2003-10-18 Thread David Dawes
On Fri, Oct 17, 2003 at 10:32:28PM -0400, David Dawes wrote:
On Fri, Oct 17, 2003 at 02:15:20PM -0700, Tim Roberts wrote:
On Fri, 17 Oct 2003 23:44:57 +0300, Alexander Shopov wrote:

I checked driver man pages in xc/programs/Xserver/hw/xfree86/drivers/*/*.man
Almost every driver implements the options:
HWCursor, SWCursor however they are documented differently.

Further, having two separate options is silly.  It is a two-state switch:
either the driver tries to use a HW cursor, or it always forces a SW
cursor.  What happens if you specify both, or neither?  I'll bet different
drivers come to different conclusions.

The presence of both is probably historical.  Some drivers have one,
some both.  The mga driver seems to define both, but only checks one.
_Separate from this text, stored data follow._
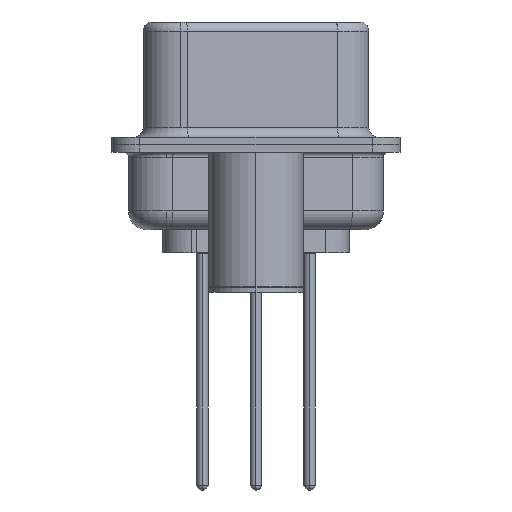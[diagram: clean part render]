
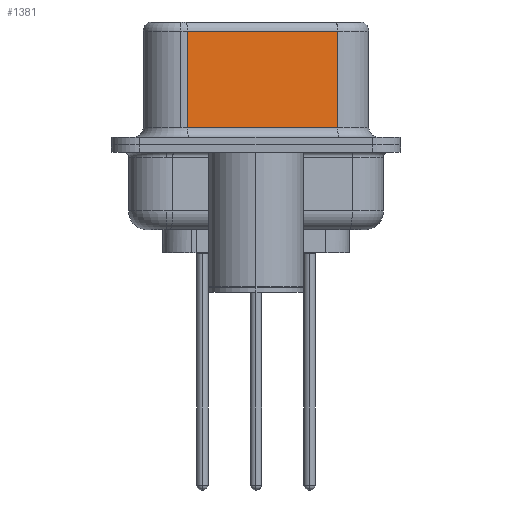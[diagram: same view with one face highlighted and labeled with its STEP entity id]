
A CAD part, left-side view. The second image highlights one B-rep face of the part: STEP entity #1381.
In plain terms, the highlighted planar face has unit normal (-0.985, -0.174, 0).
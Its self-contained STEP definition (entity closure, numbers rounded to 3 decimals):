
#1194 = DIRECTION ( 'NONE',  ( 0.174, -0.985, 0. ) ) ;
#1381 = ADVANCED_FACE ( 'NONE', ( #16938 ), #5366, .F. ) ;
#3223 = ORIENTED_EDGE ( 'NONE', *, *, #21771, .T. ) ;
#4202 = CARTESIAN_POINT ( 'NONE',  ( 5.132, -4.322, 6.02 ) ) ;
#4428 = VERTEX_POINT ( 'NONE', #21713 ) ;
#5366 = PLANE ( 'NONE',  #11171 ) ;
#5519 = DIRECTION ( 'NONE',  ( -0.174, 0.985, 0. ) ) ;
#6342 = CARTESIAN_POINT ( 'NONE',  ( 3.73, 3.628, 6.52 ) ) ;
#7046 = VECTOR ( 'NONE', #20582, 1000. ) ;
#7352 = EDGE_LOOP ( 'NONE', ( #24363, #14794, #3223, #15640 ) ) ;
#9794 = DIRECTION ( 'NONE',  ( 0.985, 0.174, 0. ) ) ;
#10320 = CARTESIAN_POINT ( 'NONE',  ( 3.73, 3.628, 6.02 ) ) ;
#11171 = AXIS2_PLACEMENT_3D ( 'NONE', #11943, #9794, #5519 ) ;
#11462 = DIRECTION ( 'NONE',  ( 0., 0., -1. ) ) ;
#11943 = CARTESIAN_POINT ( 'NONE',  ( 5.132, -4.322, 6.52 ) ) ;
#13741 = LINE ( 'NONE', #16157, #28499 ) ;
#14794 = ORIENTED_EDGE ( 'NONE', *, *, #22438, .T. ) ;
#15486 = VERTEX_POINT ( 'NONE', #18464 ) ;
#15640 = ORIENTED_EDGE ( 'NONE', *, *, #23280, .T. ) ;
#16157 = CARTESIAN_POINT ( 'NONE',  ( 5.132, -4.322, 6.52 ) ) ;
#16214 = VERTEX_POINT ( 'NONE', #10320 ) ;
#16938 = FACE_OUTER_BOUND ( 'NONE', #7352, .T. ) ;
#17867 = CARTESIAN_POINT ( 'NONE',  ( 5.132, -4.322, 6.02 ) ) ;
#17900 = DIRECTION ( 'NONE',  ( 0., 0., -1. ) ) ;
#18464 = CARTESIAN_POINT ( 'NONE',  ( 3.73, 3.628, 0.9 ) ) ;
#19856 = CARTESIAN_POINT ( 'NONE',  ( 5.132, -4.322, 0.9 ) ) ;
#20170 = LINE ( 'NONE', #6342, #22509 ) ;
#20432 = LINE ( 'NONE', #17867, #7046 ) ;
#20582 = DIRECTION ( 'NONE',  ( -0.174, 0.985, 0. ) ) ;
#21713 = CARTESIAN_POINT ( 'NONE',  ( 5.132, -4.322, 0.9 ) ) ;
#21771 = EDGE_CURVE ( 'NONE', #16214, #15486, #20170, .T. ) ;
#21985 = LINE ( 'NONE', #19856, #25953 ) ;
#22330 = VERTEX_POINT ( 'NONE', #4202 ) ;
#22438 = EDGE_CURVE ( 'NONE', #22330, #16214, #20432, .T. ) ;
#22509 = VECTOR ( 'NONE', #17900, 1000. ) ;
#23280 = EDGE_CURVE ( 'NONE', #15486, #4428, #21985, .T. ) ;
#24363 = ORIENTED_EDGE ( 'NONE', *, *, #27114, .F. ) ;
#25953 = VECTOR ( 'NONE', #1194, 1000. ) ;
#27114 = EDGE_CURVE ( 'NONE', #22330, #4428, #13741, .T. ) ;
#28499 = VECTOR ( 'NONE', #11462, 1000. ) ;
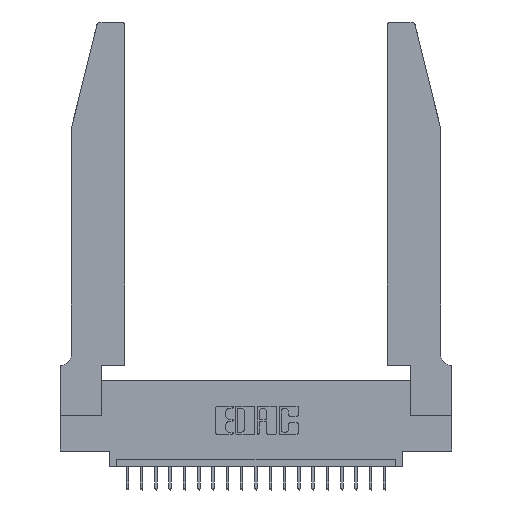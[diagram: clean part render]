
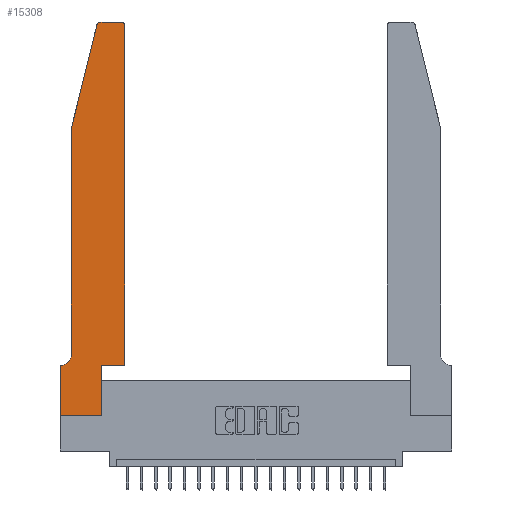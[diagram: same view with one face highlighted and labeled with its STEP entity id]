
A CAD part, top view. The second image highlights one B-rep face of the part: STEP entity #15308.
In plain terms, the highlighted planar face has unit normal (0, 0, 1).
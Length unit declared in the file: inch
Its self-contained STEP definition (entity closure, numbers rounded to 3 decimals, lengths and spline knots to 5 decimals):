
#255 = ORIENTED_EDGE ( 'NONE', *, *, #8281, .T. ) ;
#537 = ORIENTED_EDGE ( 'NONE', *, *, #11519, .T. ) ;
#603 = AXIS2_PLACEMENT_3D ( 'NONE', #5752, #4273, #19553 ) ;
#625 = EDGE_CURVE ( 'NONE', #21234, #16144, #9159, .T. ) ;
#626 = CARTESIAN_POINT ( 'NONE',  ( 0.4505, 0.35, 0.37 ) ) ;
#2044 = VECTOR ( 'NONE', #12556, 39.37008 ) ;
#2102 = DIRECTION ( 'NONE',  ( -1., 0., 0. ) ) ;
#2350 = EDGE_CURVE ( 'NONE', #6574, #18049, #8787, .T. ) ;
#2394 = AXIS2_PLACEMENT_3D ( 'NONE', #6376, #11586, #3141 ) ;
#2465 = CARTESIAN_POINT ( 'NONE',  ( 0.2865, 0.35, 0.37 ) ) ;
#3048 = DIRECTION ( 'NONE',  ( -1., 0., 0. ) ) ;
#3141 = DIRECTION ( 'NONE',  ( 1., 0., 0. ) ) ;
#3269 = LINE ( 'NONE', #626, #12433 ) ;
#3271 = DIRECTION ( 'NONE',  ( 0., -1., 0. ) ) ;
#3956 = CARTESIAN_POINT ( 'NONE',  ( 0.4205, 2.72, 0.37 ) ) ;
#3960 = LINE ( 'NONE', #20128, #7976 ) ;
#4273 = DIRECTION ( 'NONE',  ( 0., 0., -1. ) ) ;
#4914 = EDGE_CURVE ( 'NONE', #5715, #13864, #20489, .T. ) ;
#5562 = LINE ( 'NONE', #10940, #17406 ) ;
#5686 = ORIENTED_EDGE ( 'NONE', *, *, #16176, .T. ) ;
#5715 = VERTEX_POINT ( 'NONE', #9367 ) ;
#5752 = CARTESIAN_POINT ( 'NONE',  ( 0.0055, 0.42, 0.37 ) ) ;
#5996 = VERTEX_POINT ( 'NONE', #14664 ) ;
#6170 = CARTESIAN_POINT ( 'NONE',  ( 0.0755, 2., 0.37 ) ) ;
#6257 = DIRECTION ( 'NONE',  ( 1., 0., 0. ) ) ;
#6374 = CARTESIAN_POINT ( 'NONE',  ( 0.0755, 2., 0.37 ) ) ;
#6376 = CARTESIAN_POINT ( 'NONE',  ( 0.284, 2.72, 0.37 ) ) ;
#6574 = VERTEX_POINT ( 'NONE', #9694 ) ;
#6875 = VECTOR ( 'NONE', #16181, 39.37008 ) ;
#6904 = VERTEX_POINT ( 'NONE', #6374 ) ;
#7475 = CARTESIAN_POINT ( 'NONE',  ( 0.4505, 0.35, 0.37 ) ) ;
#7976 = VECTOR ( 'NONE', #15356, 39.37008 ) ;
#8071 = EDGE_CURVE ( 'NONE', #6904, #21234, #3960, .T. ) ;
#8281 = EDGE_CURVE ( 'NONE', #14964, #5996, #13348, .T. ) ;
#8698 = CARTESIAN_POINT ( 'NONE',  ( 0., 0.35, 0.37 ) ) ;
#8787 = LINE ( 'NONE', #10760, #2044 ) ;
#9159 = CIRCLE ( 'NONE', #603, 0.07 ) ;
#9267 = VERTEX_POINT ( 'NONE', #10456 ) ;
#9281 = DIRECTION ( 'NONE',  ( 0., 1., 0. ) ) ;
#9367 = CARTESIAN_POINT ( 'NONE',  ( 0.284, 2.75, 0.37 ) ) ;
#9694 = CARTESIAN_POINT ( 'NONE',  ( 0., 0., 0.37 ) ) ;
#10050 = FACE_OUTER_BOUND ( 'NONE', #15547, .T. ) ;
#10063 = LINE ( 'NONE', #17298, #21104 ) ;
#10181 = DIRECTION ( 'NONE',  ( 1., 0., 0. ) ) ;
#10456 = CARTESIAN_POINT ( 'NONE',  ( 0.4205, 2.75, 0.37 ) ) ;
#10760 = CARTESIAN_POINT ( 'NONE',  ( 0., 0., 0.37 ) ) ;
#10910 = EDGE_CURVE ( 'NONE', #13864, #6904, #20744, .T. ) ;
#10940 = CARTESIAN_POINT ( 'NONE',  ( 0.2865, 0.35, 0.37 ) ) ;
#11329 = DIRECTION ( 'NONE',  ( 1., 0., 0. ) ) ;
#11519 = EDGE_CURVE ( 'NONE', #9267, #5715, #15028, .T. ) ;
#11586 = DIRECTION ( 'NONE',  ( 0., 0., 1. ) ) ;
#11914 = ORIENTED_EDGE ( 'NONE', *, *, #4914, .T. ) ;
#12388 = VECTOR ( 'NONE', #16531, 39.37008 ) ;
#12433 = VECTOR ( 'NONE', #11329, 39.37008 ) ;
#12556 = DIRECTION ( 'NONE',  ( 1., 0., 0. ) ) ;
#13348 = LINE ( 'NONE', #7475, #6875 ) ;
#13469 = DIRECTION ( 'NONE',  ( 0., 0., 1. ) ) ;
#13543 = CARTESIAN_POINT ( 'NONE',  ( 0., 0.35, 0.37 ) ) ;
#13567 = CARTESIAN_POINT ( 'NONE',  ( 0., 0., 0.37 ) ) ;
#13864 = VERTEX_POINT ( 'NONE', #20594 ) ;
#13950 = EDGE_CURVE ( 'NONE', #15906, #6574, #15217, .T. ) ;
#14340 = VERTEX_POINT ( 'NONE', #2465 ) ;
#14373 = ORIENTED_EDGE ( 'NONE', *, *, #15049, .T. ) ;
#14664 = CARTESIAN_POINT ( 'NONE',  ( 0.4505, 2.72, 0.37 ) ) ;
#14730 = ORIENTED_EDGE ( 'NONE', *, *, #625, .T. ) ;
#14964 = VERTEX_POINT ( 'NONE', #22075 ) ;
#15028 = LINE ( 'NONE', #20002, #21260 ) ;
#15042 = EDGE_CURVE ( 'NONE', #16144, #15906, #10063, .T. ) ;
#15049 = EDGE_CURVE ( 'NONE', #5996, #9267, #20298, .T. ) ;
#15060 = PLANE ( 'NONE',  #15316 ) ;
#15217 = LINE ( 'NONE', #13567, #19268 ) ;
#15277 = DIRECTION ( 'NONE',  ( 0., 0., 1. ) ) ;
#15301 = ORIENTED_EDGE ( 'NONE', *, *, #10910, .T. ) ;
#15308 = ADVANCED_FACE ( 'NONE', ( #10050 ), #15060, .T. ) ;
#15316 = AXIS2_PLACEMENT_3D ( 'NONE', #13543, #15277, #10181 ) ;
#15356 = DIRECTION ( 'NONE',  ( 0., -1., 0. ) ) ;
#15547 = EDGE_LOOP ( 'NONE', ( #537, #11914, #15301, #20224, #14730, #20969, #19714, #17717, #16794, #5686, #255, #14373 ) ) ;
#15906 = VERTEX_POINT ( 'NONE', #8698 ) ;
#16144 = VERTEX_POINT ( 'NONE', #18699 ) ;
#16176 = EDGE_CURVE ( 'NONE', #14340, #14964, #3269, .T. ) ;
#16181 = DIRECTION ( 'NONE',  ( 0., 1., 0. ) ) ;
#16531 = DIRECTION ( 'NONE',  ( -0.239, -0.971, 0. ) ) ;
#16794 = ORIENTED_EDGE ( 'NONE', *, *, #20614, .T. ) ;
#17298 = CARTESIAN_POINT ( 'NONE',  ( 0.0755, 0.35, 0.37 ) ) ;
#17406 = VECTOR ( 'NONE', #9281, 39.37008 ) ;
#17717 = ORIENTED_EDGE ( 'NONE', *, *, #2350, .T. ) ;
#18049 = VERTEX_POINT ( 'NONE', #19977 ) ;
#18699 = CARTESIAN_POINT ( 'NONE',  ( 0.0055, 0.35, 0.37 ) ) ;
#19268 = VECTOR ( 'NONE', #3271, 39.37008 ) ;
#19326 = CARTESIAN_POINT ( 'NONE',  ( 0.0755, 0.42, 0.37 ) ) ;
#19553 = DIRECTION ( 'NONE',  ( -1., 0., 0. ) ) ;
#19714 = ORIENTED_EDGE ( 'NONE', *, *, #13950, .T. ) ;
#19977 = CARTESIAN_POINT ( 'NONE',  ( 0.2865, 0., 0.37 ) ) ;
#20002 = CARTESIAN_POINT ( 'NONE',  ( 0.2605, 2.75, 0.37 ) ) ;
#20128 = CARTESIAN_POINT ( 'NONE',  ( 0.0755, 2., 0.37 ) ) ;
#20224 = ORIENTED_EDGE ( 'NONE', *, *, #8071, .T. ) ;
#20298 = CIRCLE ( 'NONE', #21867, 0.03 ) ;
#20489 = CIRCLE ( 'NONE', #2394, 0.03 ) ;
#20594 = CARTESIAN_POINT ( 'NONE',  ( 0.25487, 2.72718, 0.37 ) ) ;
#20614 = EDGE_CURVE ( 'NONE', #18049, #14340, #5562, .T. ) ;
#20744 = LINE ( 'NONE', #6170, #12388 ) ;
#20969 = ORIENTED_EDGE ( 'NONE', *, *, #15042, .T. ) ;
#21104 = VECTOR ( 'NONE', #2102, 39.37008 ) ;
#21234 = VERTEX_POINT ( 'NONE', #19326 ) ;
#21260 = VECTOR ( 'NONE', #3048, 39.37008 ) ;
#21867 = AXIS2_PLACEMENT_3D ( 'NONE', #3956, #13469, #6257 ) ;
#22075 = CARTESIAN_POINT ( 'NONE',  ( 0.4505, 0.35, 0.37 ) ) ;

If you specify neither, the driver should default to whatever works
best.  That's the driver's call, but it should generally be HW cursor
when available.

Specifying both would be undefined in general, if both were specifying
contrary behaviour.

One way to handle the naming more uniformly might be to define the
concept of option aliases, with, say, SWCursor aliased to NoHWCursor.
That would make the specifying both behaviour well-defined too.

I've just committed a small change to the OptionInfoRec lookup code that
allows a simple form of aliasing for these types of options.  Instead
of returning the first entry matching the token it now favours the first
matching entry that has been set (if one is).  If two options with the
same token are both specified in the config file, the first in the
driver's list takes precedence.

If someone wants to generate a patch for various drivers that makes
these two options equivalent via this aliasing mechanism (and the same
for any other cases where two different option names are used to control
the same thing), it would be considered as a bug fix for 4.4.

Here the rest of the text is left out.